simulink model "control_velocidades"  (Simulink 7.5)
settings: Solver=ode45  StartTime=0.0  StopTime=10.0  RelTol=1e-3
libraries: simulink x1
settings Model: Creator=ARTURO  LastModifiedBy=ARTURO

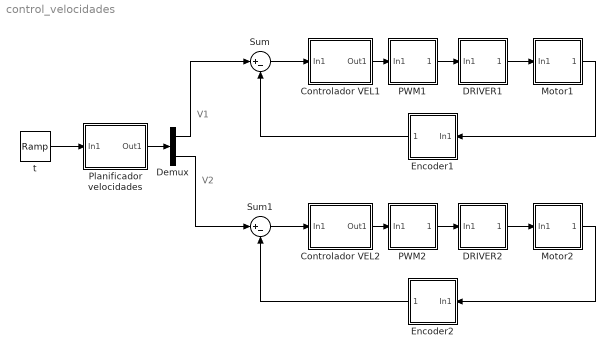
== system control_velocidades ==
  note: V1
  note: V2
  Controlador VEL1 : Subsystem
  Controlador VEL2 : Subsystem
  DRIVER1 : Subsystem
  DRIVER2 : Subsystem
  Demux : Demux  Outputs=2
  Encoder1 : Subsystem
  Encoder2 : Subsystem
  Motor1 : Subsystem
  Motor2 : Subsystem
  PWM1 : Subsystem
  PWM2 : Subsystem
  Planificador velocidades : Subsystem
  Sum : Sum  Inputs=|+-  OutDataType=fixdt(1, 16)  OutScaling=2^0
  Sum1 : Sum  Inputs=|+-  OutDataType=fixdt(1, 16)  OutScaling=2^0
  t : simulink/Sources/Ramp  SystemSampleTime=-1  slope=1  start=0  X0=0
  wires:
  Sum/1 -> Controlador VEL1/1(In1)
  Controlador VEL1/1(Out1) -> PWM1/1(In1)
  PWM1/1(Out1) -> DRIVER1/1(In1)
  DRIVER1/1(Out1) -> Motor1/1(In1)
  Motor1/1(Out1) -> Encoder1/1(In1)
  Encoder1/1(Out1) -> Sum/2
  Demux/1 -> Sum/1
  Sum1/1 -> Controlador VEL2/1(In1)
  Controlador VEL2/1(Out1) -> PWM2/1(In1)
  PWM2/1(Out1) -> DRIVER2/1(In1)
  DRIVER2/1(Out1) -> Motor2/1(In1)
  Motor2/1(Out1) -> Encoder2/1(In1)
  Encoder2/1(Out1) -> Sum1/2
  Demux/2 -> Sum1/1
  Planificador velocidades/1(Out1) -> Demux/1
  t/1 -> Planificador velocidades/1(In1)

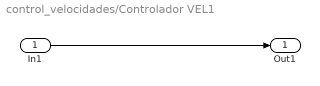
== system control_velocidades/Controlador VEL1 ==
  In1 : Inport  OutDataType=fixdt(1, 16)  OutScaling=2^0
  Out1 : Outport  OutDataType=fixdt(1, 16)  OutScaling=2^0
  wires:
  In1/1 -> Out1/1

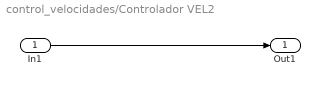
== system control_velocidades/Controlador VEL2 ==
  In1 : Inport  OutDataType=fixdt(1, 16)  OutScaling=2^0
  Out1 : Outport  OutDataType=fixdt(1, 16)  OutScaling=2^0
  wires:
  In1/1 -> Out1/1

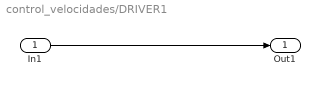
== system control_velocidades/DRIVER1 ==
  In1 : Inport  OutDataType=fixdt(1, 16)  OutScaling=2^0
  Out1 : Outport  OutDataType=fixdt(1, 16)  OutScaling=2^0
  wires:
  In1/1 -> Out1/1

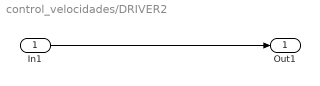
== system control_velocidades/DRIVER2 ==
  In1 : Inport  OutDataType=fixdt(1, 16)  OutScaling=2^0
  Out1 : Outport  OutDataType=fixdt(1, 16)  OutScaling=2^0
  wires:
  In1/1 -> Out1/1

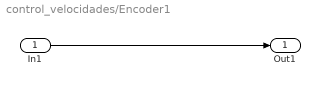
== system control_velocidades/Encoder1 ==
  In1 : Inport  OutDataType=fixdt(1, 16)  OutScaling=2^0
  Out1 : Outport  OutDataType=fixdt(1, 16)  OutScaling=2^0
  wires:
  In1/1 -> Out1/1

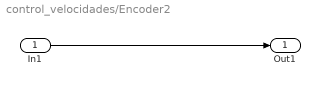
== system control_velocidades/Encoder2 ==
  In1 : Inport  OutDataType=fixdt(1, 16)  OutScaling=2^0
  Out1 : Outport  OutDataType=fixdt(1, 16)  OutScaling=2^0
  wires:
  In1/1 -> Out1/1

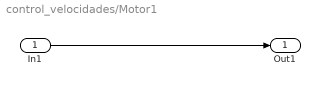
== system control_velocidades/Motor1 ==
  In1 : Inport  OutDataType=fixdt(1, 16)  OutScaling=2^0
  Out1 : Outport  OutDataType=fixdt(1, 16)  OutScaling=2^0
  wires:
  In1/1 -> Out1/1

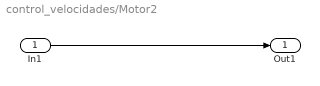
== system control_velocidades/Motor2 ==
  In1 : Inport  OutDataType=fixdt(1, 16)  OutScaling=2^0
  Out1 : Outport  OutDataType=fixdt(1, 16)  OutScaling=2^0
  wires:
  In1/1 -> Out1/1

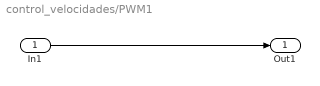
== system control_velocidades/PWM1 ==
  In1 : Inport  OutDataType=fixdt(1, 16)  OutScaling=2^0
  Out1 : Outport  OutDataType=fixdt(1, 16)  OutScaling=2^0
  wires:
  In1/1 -> Out1/1

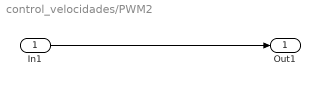
== system control_velocidades/PWM2 ==
  In1 : Inport  OutDataType=fixdt(1, 16)  OutScaling=2^0
  Out1 : Outport  OutDataType=fixdt(1, 16)  OutScaling=2^0
  wires:
  In1/1 -> Out1/1

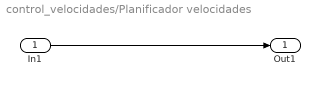
== system control_velocidades/Planificador velocidades ==
  In1 : Inport  OutDataType=fixdt(1, 16)  OutScaling=2^0
  Out1 : Outport  OutDataType=fixdt(1, 16)  OutScaling=2^0
  wires:
  In1/1 -> Out1/1
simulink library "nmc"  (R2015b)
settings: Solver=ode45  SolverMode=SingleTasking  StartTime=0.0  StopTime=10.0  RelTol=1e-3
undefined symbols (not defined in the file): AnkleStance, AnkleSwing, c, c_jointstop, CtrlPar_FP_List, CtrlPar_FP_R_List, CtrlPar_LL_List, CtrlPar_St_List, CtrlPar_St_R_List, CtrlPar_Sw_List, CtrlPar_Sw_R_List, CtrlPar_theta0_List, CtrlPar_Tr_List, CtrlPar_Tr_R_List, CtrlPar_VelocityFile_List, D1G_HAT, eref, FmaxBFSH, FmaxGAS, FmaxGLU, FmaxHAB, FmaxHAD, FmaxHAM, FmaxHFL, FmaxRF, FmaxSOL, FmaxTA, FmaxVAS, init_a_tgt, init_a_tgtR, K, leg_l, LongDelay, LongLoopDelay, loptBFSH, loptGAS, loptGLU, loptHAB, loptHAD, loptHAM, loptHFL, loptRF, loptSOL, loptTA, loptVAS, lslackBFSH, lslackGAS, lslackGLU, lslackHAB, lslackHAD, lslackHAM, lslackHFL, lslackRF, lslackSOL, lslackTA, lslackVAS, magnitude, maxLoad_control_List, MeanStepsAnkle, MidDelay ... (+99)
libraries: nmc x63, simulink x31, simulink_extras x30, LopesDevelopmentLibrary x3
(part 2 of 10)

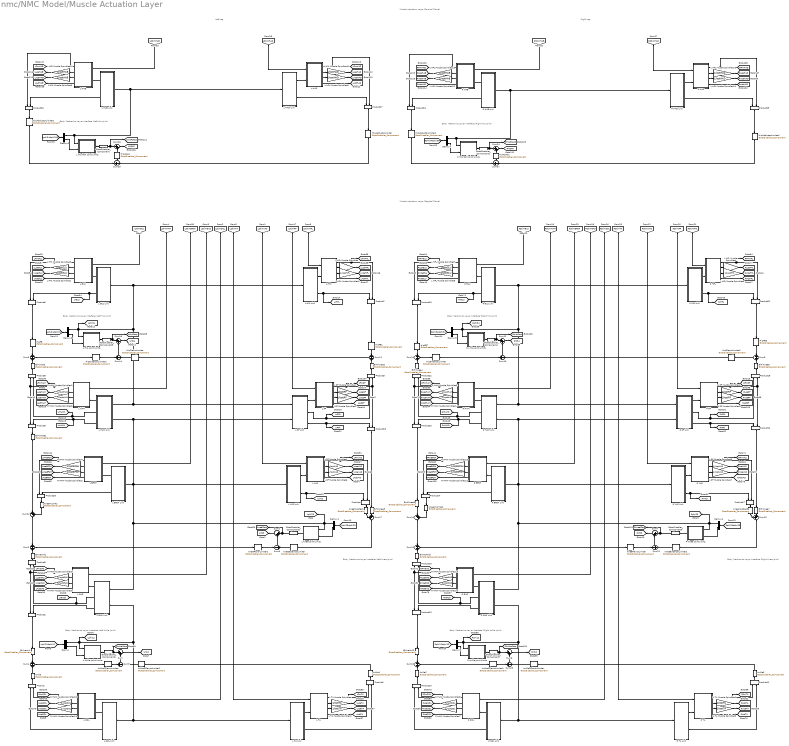
== system nmc/NMC Model/Muscle Actuation Layer ==
  note: Muscle Actuation Layer
      | (Coronal Plane)
  note: Right Leg
  note: Body Mechanics Layer
      | Interface (Right Hip Joint)
  note: Body Mechanics Layer
      | Interface (Left Hip Joint)
  note: Left Leg
  note: Body Mechanics Layer
      | Interface (Right Ankle Joint)
  note: Body Mechanics Layer
      | Interface (Right Knee Joint)
  note: Body Mechanics Layer
      | Interface (Right Hip Joint)
  note: Body Mechanics Layer
      | Interface (Left Ankle Joint)
  note: Body Mechanics Layer
      | Interface (Left Knee Joint)
  note: Body Mechanics Layer
      | Interface (Left Hip Joint)
  note: Muscle Actuation Layer
      | (Sagittal Plane)
  Ankle{,1..3} (4 alike) : nmc/GotoDisabler_Component  GotoTag=NMC_AnkleMuscles_Percentage
  AnkleDFlexorLimiter : nmc/GotoDisabler_Component  GotoTag=NMC_AnkleDFlexor_Percentage
  AnkleDFlexorLimiter1 : nmc/GotoDisabler_Component  GotoTag=NMC_AnkleDFlexor_Percentage
  AnklePFlexorLimiter : nmc/GotoDisabler_Component  GotoTag=NMC_AnklePFlexor_Percentage
  AnklePFlexorLimiter1 : nmc/GotoDisabler_Component  GotoTag=NMC_AnklePFlexor_Percentage
  BiHiKnee{,1..7} (8 alike) : nmc/GotoDisabler_Component  GotoTag=NMC_BiArticularMuscles_HK_Percentage
  BiKneAnk{,1..3} (4 alike) : nmc/GotoDisabler_Component  GotoTag=NMC_BiArticularMuscles_KA_Percentage
  Demux{,1..7} (8 alike) : Demux  Outputs=2
  GotoDisabler_Component{,1..7} (8 alike) : nmc/GotoDisabler_Component  GotoTag=DisableNMC_JointLimits
  HipAbAd : nmc/GotoDisabler_Component  GotoTag=NMC_HipAbAdMuscles_Percentage
  HipAbAd1 : nmc/GotoDisabler_Component  GotoTag=NMC_HipAbAdMuscles_Percentage
  HipAbductorLimiter1 : nmc/GotoDisabler_Component  GotoTag=NMC_HipAbductor_Percentage
  HipAbductorLimiter2 : nmc/GotoDisabler_Component  GotoTag=NMC_HipAbductor_Percentage
  HipAdductorLimiter : nmc/GotoDisabler_Component  GotoTag=NMC_HipAdductor_Percentage
  HipAdductorLimiter1 : nmc/GotoDisabler_Component  GotoTag=NMC_HipAdductor_Percentage
  HipExtensorLimiter : nmc/GotoDisabler_Component  GotoTag=NMC_HipExtensor_Percentage
  HipExtensorLimiter1 : nmc/GotoDisabler_Component  GotoTag=NMC_HipExtensor_Percentage
  HipFE{,1..3} (4 alike) : nmc/GotoDisabler_Component  GotoTag=NMC_HipFEMuscles_Percentage
  HipFlexorLimiter : nmc/GotoDisabler_Component  GotoTag=NMC_HipFlexor_Percentage
  HipFlexorLimiter1 : nmc/GotoDisabler_Component  GotoTag=NMC_HipFlexor_Percentage
  KneeExtensorLimiter : nmc/GotoDisabler_Component  GotoTag=NMC_KneeExtensor_Percentage
  KneeExtensorLimiter1 : nmc/GotoDisabler_Component  GotoTag=NMC_KneeExtensor_Percentage
  KneeFlexorLimiter : nmc/GotoDisabler_Component  GotoTag=NMC_KneeFlexor_Percentage
  KneeFlexorLimiter1 : nmc/GotoDisabler_Component  GotoTag=NMC_KneeFlexor_Percentage
  KneeMuscles{,1..3} (4 alike) : nmc/GotoDisabler_Component  GotoTag=NMC_KneeMuscles_Percentage
  L Ankle Joint Limits : Subsystem
  L BFSH : Subsystem
  L BFSH Link : Subsystem
  L GAS : Subsystem
  L GAS Link : Subsystem
  L GLU : Subsystem
  L GLU Link : Subsystem
  L HAB : Subsystem
  L HAB Link : Subsystem
  L HAD : Subsystem
  L HAD Link : Subsystem
  L HAM : Subsystem
  L HAM Link : Subsystem
  L HFL : Subsystem
  L HFL Muscle Spindles{,1,4..5} (4 alike) : Gain  Gain=1/loptHFL
  L HFL Muscle Spindles{9..10,12..13} (4 alike) : Gain  Gain=1/loptHAB
  L HFL Muscle Spindles{8,11,14..15} (4 alike) : Gain  Gain=1/loptHAD
  L HFL Muscle Spindles{2..3,6..7} (4 alike) : Gain  Gain=1/loptGLU
  L HFL Link : Subsystem
  L Hip Joint Limits : Subsystem
  L Hip Roll Joint Limits : Subsystem
  L Knee Joint Limits : Subsystem
  L RF : Subsystem
  L RF Muscle Spindles{,1..3} (4 alike) : Gain  Gain=1/loptRF
  L RF Muscle Spindles{4..7} (4 alike) : Gain  Gain=1/loptVAS
  L RF Link : Subsystem
  L SOL : Subsystem
  L SOL Link : Subsystem
  L TA : Subsystem
  L TA Muscle Spindles{,1..3} (4 alike) : Gain  Gain=1/loptTA
  L TA Link : Subsystem
  L VAS : Subsystem
  L VAS Link : Subsystem
  Product{,1..27} (28 alike) : Product  RndMeth=Zero
  R Ankle Joint Limits : Subsystem
  R BFSH : Subsystem
  R BFSH Link : Subsystem
  R GAS : Subsystem
  R GAS Link : Subsystem
  R GLU : Subsystem
  R GLU Link : Subsystem
  R HAB : Subsystem
  R HAB Link : Subsystem
  R HAD : Subsystem
  R HAD Link : Subsystem
  R HAM : Subsystem
  R HAM Muscle Spindles{1,3,6,14} (4 alike) : Gain  Gain=1/loptHAM
  R HAM Muscle Spindles{5,7,10..11} (4 alike) : Gain  Gain=1/loptSOL
  R HAM Muscle Spindles{2,4,12..13} (4 alike) : Gain  Gain=1/loptBFSH
  R HAM Muscle Spindles{8..9,15..16} (4 alike) : Gain  Gain=1/loptGAS
  R HAM Link : Subsystem
  R HFL : Subsystem
  R HFL Link : Subsystem
  R Hip Roll Joint Limits : Subsystem
  R Knee Joint Limits : Subsystem
  R L Hip Joint Limits : Subsystem
  R RF : Subsystem
  R RF Link : Subsystem
  R SOL : Subsystem
  R SOL Link : Subsystem
  R TA : Subsystem
  R TA Link : Subsystem
  R VAS : Subsystem
  R VAS Link : Subsystem
  Sum{,1,6..7,12,16,18,22,24,26} (10 alike) : Sum  Inputs=|++
  Sum{9..10,14,23,25,27} (6 alike) : Sum  Inputs=+-
  Sum{2..4,8,11,15,19..20} (8 alike) : Sum
  Sum13 : Sum  Inputs=++|
  Sum17 : Sum  Inputs=++|
  Sum21 : Sum  Inputs=-+
  Sum5 : Sum  Inputs=-+
  tag scope: LActBFSH=global, LActGAS=global, LActGLU=global, LActHAB=global, LActHAD=global, LActHAM=global, LActHFL=global, LActRF=global, LActSOL=global, LActTA=global, LActVAS=global, LAnkleStop=global, LFmBFSH=global, LFmGAS=global, LFmGLU=global, LFmHAB=global, LFmHAD=global, LFmHAM=global, LFmHFL=global, LFmRF=global, LFmSOL=global, LFmTA=global, LFmVAS=global, LHipRStop=global, LHipStop=global, LKneeStop=global, LLceBFSH=global, LLceGAS=global, LLceGLU=global, LLceHAB=global, LLceHAD=global, LLceHAM=global, LLceHFL=global, LLceRF=global, LLceSOL=global, LLceTA=global, LLceVAS=global, LM12=global, LM23=global, LM34=global, LM34R=global, LVceBFSH=global, LVceGAS=global, LVceGLU=global, LVceHAB=global, LVceHAD=global, LVceHAM=global, LVceHFL=global, LVceRF=global, LVceSOL=global, LVceTA=global, LVceVAS=global, Lphi12=global, Lphi23=global, Lphi34=global, LrGASk=global, LrGLU=global, LrHAMh=global, LrHAMk=global, LrHFL=global, LrRFh=global, LrRFk=global, LrVAS=global, RActBFSH=global, RActGAS=global, RActGLU=global, RActHAB=global, RActHAD=global, RActHAM=global, RActHFL=global, RActRF=global, RActSOL=global, RActTA=global, RActVAS=global, RAnkleStop=global, RFmBFSH=global, RFmGAS=global, RFmGLU=global, RFmHAB=global, RFmHAD=global, RFmHAM=global, RFmHFL=global, RFmRF=global, RFmSOL=global, RFmTA=global, RFmVAS=global, RHipStop=global, RHipStopR=global, RKneeStop=global, RLceBFSH=global, RLceGAS=global, RLceGLU=global, RLceHAB=global, RLceHAD=global, RLceHAM=global, RLceHFL=global, RLceRF=global, RLceSOL=global, RLceTA=global, RLceVAS=global, RM12=global, RM23=global, RM34=global, RM34R=global, RVceBFSH=global, RVceGAS=global, RVceGLU=global, RVceHAB=global, RVceHAD=global, RVceHAM=global, RVceHFL=global, RVceRF=global, RVceSOL=global, RVceTA=global, RVceVAS=global, Rphi12=global, Rphi23=global, Rphi34=global, RrGASk=global, RrGLU=global, RrHAMh=global, RrHAMk=global, RrHFL=global, RrRFh=global, RrRFk=global, RrVAS=global
  wires:
  L HFL/1(Fmtc) -> [LFmHFL], Product7/2
  [LStimHFL] -> L HFL/1(STIM)
  Product7/1 -> HipFE1/1
  Ankle3/1 -> AnkleDFlexorLimiter/1
  Ankle2/1 -> Sum20/2
  Ankle1/1 -> AnkleDFlexorLimiter1/1
  Ankle/1 -> Sum4/2
  BiKneAnk3/1 -> Sum15/2
  Product16/1 -> BiKneAnk3/1
  BiKneAnk2/1 -> Sum20/1
  BiKneAnk1/1 -> Sum2/2
  Product3/1 -> BiKneAnk1/1
  BiKneAnk/1 -> Sum4/1
  KneeMuscles3/1 -> Sum13/1
  KneeMuscles2/1 -> Sum18/2
  KneeMuscles1/1 -> Sum17/1
  KneeMuscles/1 -> Sum22/2
  Sum22/1 -> Sum2/1
  BiHiKnee7/1 -> Sum13/2
  BiHiKnee6/1 -> Sum8/2
  BiHiKnee5/1 -> Sum18/1
  BiHiKnee4/1 -> Sum19/2
  BiHiKnee3/1 -> Sum17/2
  BiHiKnee2/1 -> Sum11/2
  BiHiKnee1/1 -> Sum22/1
  Product8/1 -> BiHiKnee/1
  BiHiKnee/1 -> Sum3/2
  HipFE3/1 -> Sum8/1
  HipFE2/1 -> Sum19/1
  HipFE1/1 -> Sum11/1
  HipFE/1 -> Sum3/1
  HipAbAd1/1 -> Sum24/2
  Sum27/1 -> HipAbAd1/1
  HipAbAd/1 -> Sum26/2
  Sum25/1 -> HipAbAd/1
  AnkleDFlexorLimiter/1 -> Sum23/2
  AnkleDFlexorLimiter1/1 -> Sum9/2
  HipFlexorLimiter1/1 -> Sum10/2
  HipExtensorLimiter/1 -> Sum10/1
  HipFlexorLimiter/1 -> Sum14/2
  HipExtensorLimiter1/1 -> Sum14/1
  AnklePFlexorLimiter/1 -> Sum9/1
  AnklePFlexorLimiter1/1 -> Sum23/1
  KneeExtensorLimiter1/1 -> Sum21/2
  KneeFlexorLimiter/1 -> Sum21/1
  KneeExtensorLimiter/1 -> Sum5/2
  KneeFlexorLimiter1/1 -> Sum5/1
  Product9/1 -> BiHiKnee1/1
  HipAdductorLimiter1/1 -> Sum27/2
  HipAdductorLimiter/1 -> Sum25/2
  HipAbductorLimiter1/1 -> Sum27/1
  HipAbductorLimiter2/1 -> Sum25/1
  Product1/1 -> Ankle1/1
  Product11/1 -> Ankle3/1
  Product10/1 -> Ankle2/1
  Product/1 -> Ankle/1
  Product6/1 -> HipFE/1
  Product19/1 -> HipFE2/1
  Product21/1 -> HipFE3/1
  Product20/1 -> KneeMuscles/1
  Product14/1 -> KneeMuscles2/1
  Product17/1 -> KneeMuscles3/1
  Product4/1 -> KneeMuscles1/1
  R Ankle Joint Limits/1(M_stop [Nm]) -> GotoDisabler_Component7/1
  GotoDisabler_Component5/1 -> [LHipStop], Sum16/1
  L Hip Joint Limits/1(M_stop [Nm]) -> GotoDisabler_Component5/1
  GotoDisabler_Component4/1 -> Sum12/1, [RHipStop]
  R L Hip Joint Limits/1(M_stop [Nm]) -> GotoDisabler_Component4/1
  GotoDisabler_Component1/1 -> [RHipStopR], Sum24/1
  GotoDisabler_Component/1 -> [LHipRStop], Sum26/1
  GotoDisabler_Component2/1 -> [LKneeStop], Sum1/1
  GotoDisabler_Component3/1 -> [RKneeStop], Sum7/1
  GotoDisabler_Component6/1 -> [LAnkleStop], Sum/1
  GotoDisabler_Component7/1 -> [RAnkleStop], Sum6/1
  Sum/1 -> [LM12]
  R HAD/1(Fmtc) -> Product25/2, [RFmHAD]
  R HAD/4(A) -> [RActHAD]
  R HAD/3(Vce) -> L HFL Muscle Spindles14/1
  R HAD/2(Lce) -> L HFL Muscle Spindles15/1
  L HFL Muscle Spindles15/1 -> [RLceHAD]
  L HFL Muscle Spindles14/1 -> [RVceHAD]
  R HAB/1(Fmtc) -> Product24/1, [RFmHAB]
  L HFL Muscle Spindles13/1 -> [RLceHAB]
  L HFL Muscle Spindles12/1 -> [RVceHAB]
  R HAB/3(Vce) -> L HFL Muscle Spindles12/1
  R HAB/2(Lce) -> L HFL Muscle Spindles13/1
  R HAB/4(A) -> [RActHAB]
  L HAD/1(Fmtc) -> Product27/2, [LFmHAD]
  L HAD/4(A) -> [LActHAD]
  L HAD/3(Vce) -> L HFL Muscle Spindles8/1
  L HAD/2(Lce) -> L HFL Muscle Spindles11/1
  L HFL Muscle Spindles11/1 -> [LLceHAD]
  L HFL Muscle Spindles8/1 -> [LVceHAD]
  L HAB/1(Fmtc) -> [LFmHAB], Product26/1
  L HFL Muscle Spindles10/1 -> [LLceHAB]
  L HFL Muscle Spindles9/1 -> [LVceHAB]
  L HAB/3(Vce) -> L HFL Muscle Spindles9/1
  L HAB/2(Lce) -> L HFL Muscle Spindles10/1
  L HAB/4(A) -> [LActHAB]
  [RStimHAB] -> R HAB/1(STIM)
  R HAD Link/2(lever [m]) -> Product25/1
  R HAD Link/1(lmtu [m]) -> R HAD/2(lmtc [m])
  Product25/1 -> HipAdductorLimiter1/1
  R Hip Roll Joint Limits/1(M_stop [Nm]) -> GotoDisabler_Component1/1
  Demux7/2 -> R Hip Roll Joint Limits/2(dphi [rad/s])
  R HAB Link/2(lever [m]) -> Product24/2
  R HAB Link/1(lmtu [m]) -> R HAB/2(lmtc [m])
  Product24/1 -> HipAbductorLimiter1/1
  Demux7/1 -> R Hip Roll Joint Limits/1(phi [rad]), R HAB Link/1(phi34R [rad]), R HAD Link/1(phi34R [rad])
  [Rphi34dphi34R] -> Demux7/1
  Sum24/1 -> [RM34R]
  [RStimHAD] -> R HAD/1(STIM)
  L HAD Link/2(lever [m]) -> Product27/1
  L HAD Link/1(lmtu [m]) -> L HAD/2(lmtc [m])
  Product27/1 -> HipAdductorLimiter/1
  L Hip Roll Joint Limits/1(M_stop [Nm]) -> GotoDisabler_Component/1
  Demux6/2 -> L Hip Roll Joint Limits/2(dphi [rad/s])
  L HAB Link/2(lever [m]) -> Product26/2
  L HAB Link/1(lmtu [m]) -> L HAB/2(lmtc [m])
  Product26/1 -> HipAbductorLimiter2/1
  Demux6/1 -> L Hip Roll Joint Limits/1(phi [rad]), L HAD Link/1(phi34R [rad]), L HAB Link/1(phi34R [rad])
  [Lphi34dphi34R] -> Demux6/1
  Sum26/1 -> [LM34R]
  [LStimHAB] -> L HAB/1(STIM)
  [LStimHAD] -> L HAD/1(STIM)
  Sum11/1 -> HipFlexorLimiter/1
  L TA Muscle Spindles2/1 -> [RLceTA]
  L RF Muscle Spindles5/1 -> [RLceVAS]
  R HAM Muscle Spindles12/1 -> [RVceBFSH]
  R HAM Muscle Spindles13/1 -> [RLceBFSH]
  L RF Muscle Spindles3/1 -> [RVceRF]
  L RF Muscle Spindles1/1 -> [RLceRF]
  R HAM Muscle Spindles14/1 -> [RVceHAM]
  R HAM Muscle Spindles3/1 -> [RLceHAM]
  L HFL Muscle Spindles4/1 -> [RLceHFL]
  L TA Muscle Spindles3/1 -> [RVceTA]
  R TA/1(Fmtc) -> [RFmTA], Product11/1
  R HAM Muscle Spindles7/1 -> [RVceSOL]
  R HAM Muscle Spindles5/1 -> [RLceSOL]
  R HAM Muscle Spindles16/1 -> [RVceGAS]
  R HAM Muscle Spindles15/1 -> [RLceGAS]
  R BFSH/1(Fmtc) -> [RFmBFSH], Product14/1
  R RF/1(Fmtc) -> [RFmRF], Product12/2, Product18/2
  L RF Muscle Spindles7/1 -> [RVceVAS]
  L HFL Muscle Spindles7/1 -> [RLceGLU]
  L HFL Muscle Spindles6/1 -> [RVceGLU]
  L HFL Muscle Spindles5/1 -> [RVceHFL]
  Product23/1 -> BiHiKnee5/1
  Sum18/1 -> Sum15/1
  R BFSH/3(Vce) -> R HAM Muscle Spindles12/1
  R BFSH/2(Lce) -> R HAM Muscle Spindles13/1
  R BFSH/4(A) -> [RActBFSH]
  R BFSH Link/2(lever [m]) -> Product14/2
  R BFSH Link/1(lmtu [m]) -> R BFSH/2(lmtc [m])
  [RStimBFSH] -> R BFSH/1(STIM)
  Sum13/1 -> KneeExtensorLimiter1/1
  Product12/1 -> BiHiKnee7/1
  Product18/1 -> BiHiKnee6/1
  Sum8/1 -> HipFlexorLimiter1/1
  [RStimRF] -> R RF/1(STIM)
  R RF Link/3(lever23 [m]) -> [RrRFk], Product12/1
  R RF Link/2(lever34 [m]) -> [RrRFh], Product18/1
  R RF Link/1(lmtu [m]) -> R RF/2(lmtc [m])
  R RF/2(Lce) -> L RF Muscle Spindles1/1
  R RF/3(Vce) -> L RF Muscle Spindles3/1
  R RF/4(A) -> [RActRF]
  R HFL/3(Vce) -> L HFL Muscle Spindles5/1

What you will do
Scan the listing and copy every line where the string "lmtc" shows up.

Solution for this exercise
  R HAD Link/1(lmtu [m]) -> R HAD/2(lmtc [m])
  R HAB Link/1(lmtu [m]) -> R HAB/2(lmtc [m])
  L HAD Link/1(lmtu [m]) -> L HAD/2(lmtc [m])
  L HAB Link/1(lmtu [m]) -> L HAB/2(lmtc [m])
  R BFSH Link/1(lmtu [m]) -> R BFSH/2(lmtc [m])
  R RF Link/1(lmtu [m]) -> R RF/2(lmtc [m])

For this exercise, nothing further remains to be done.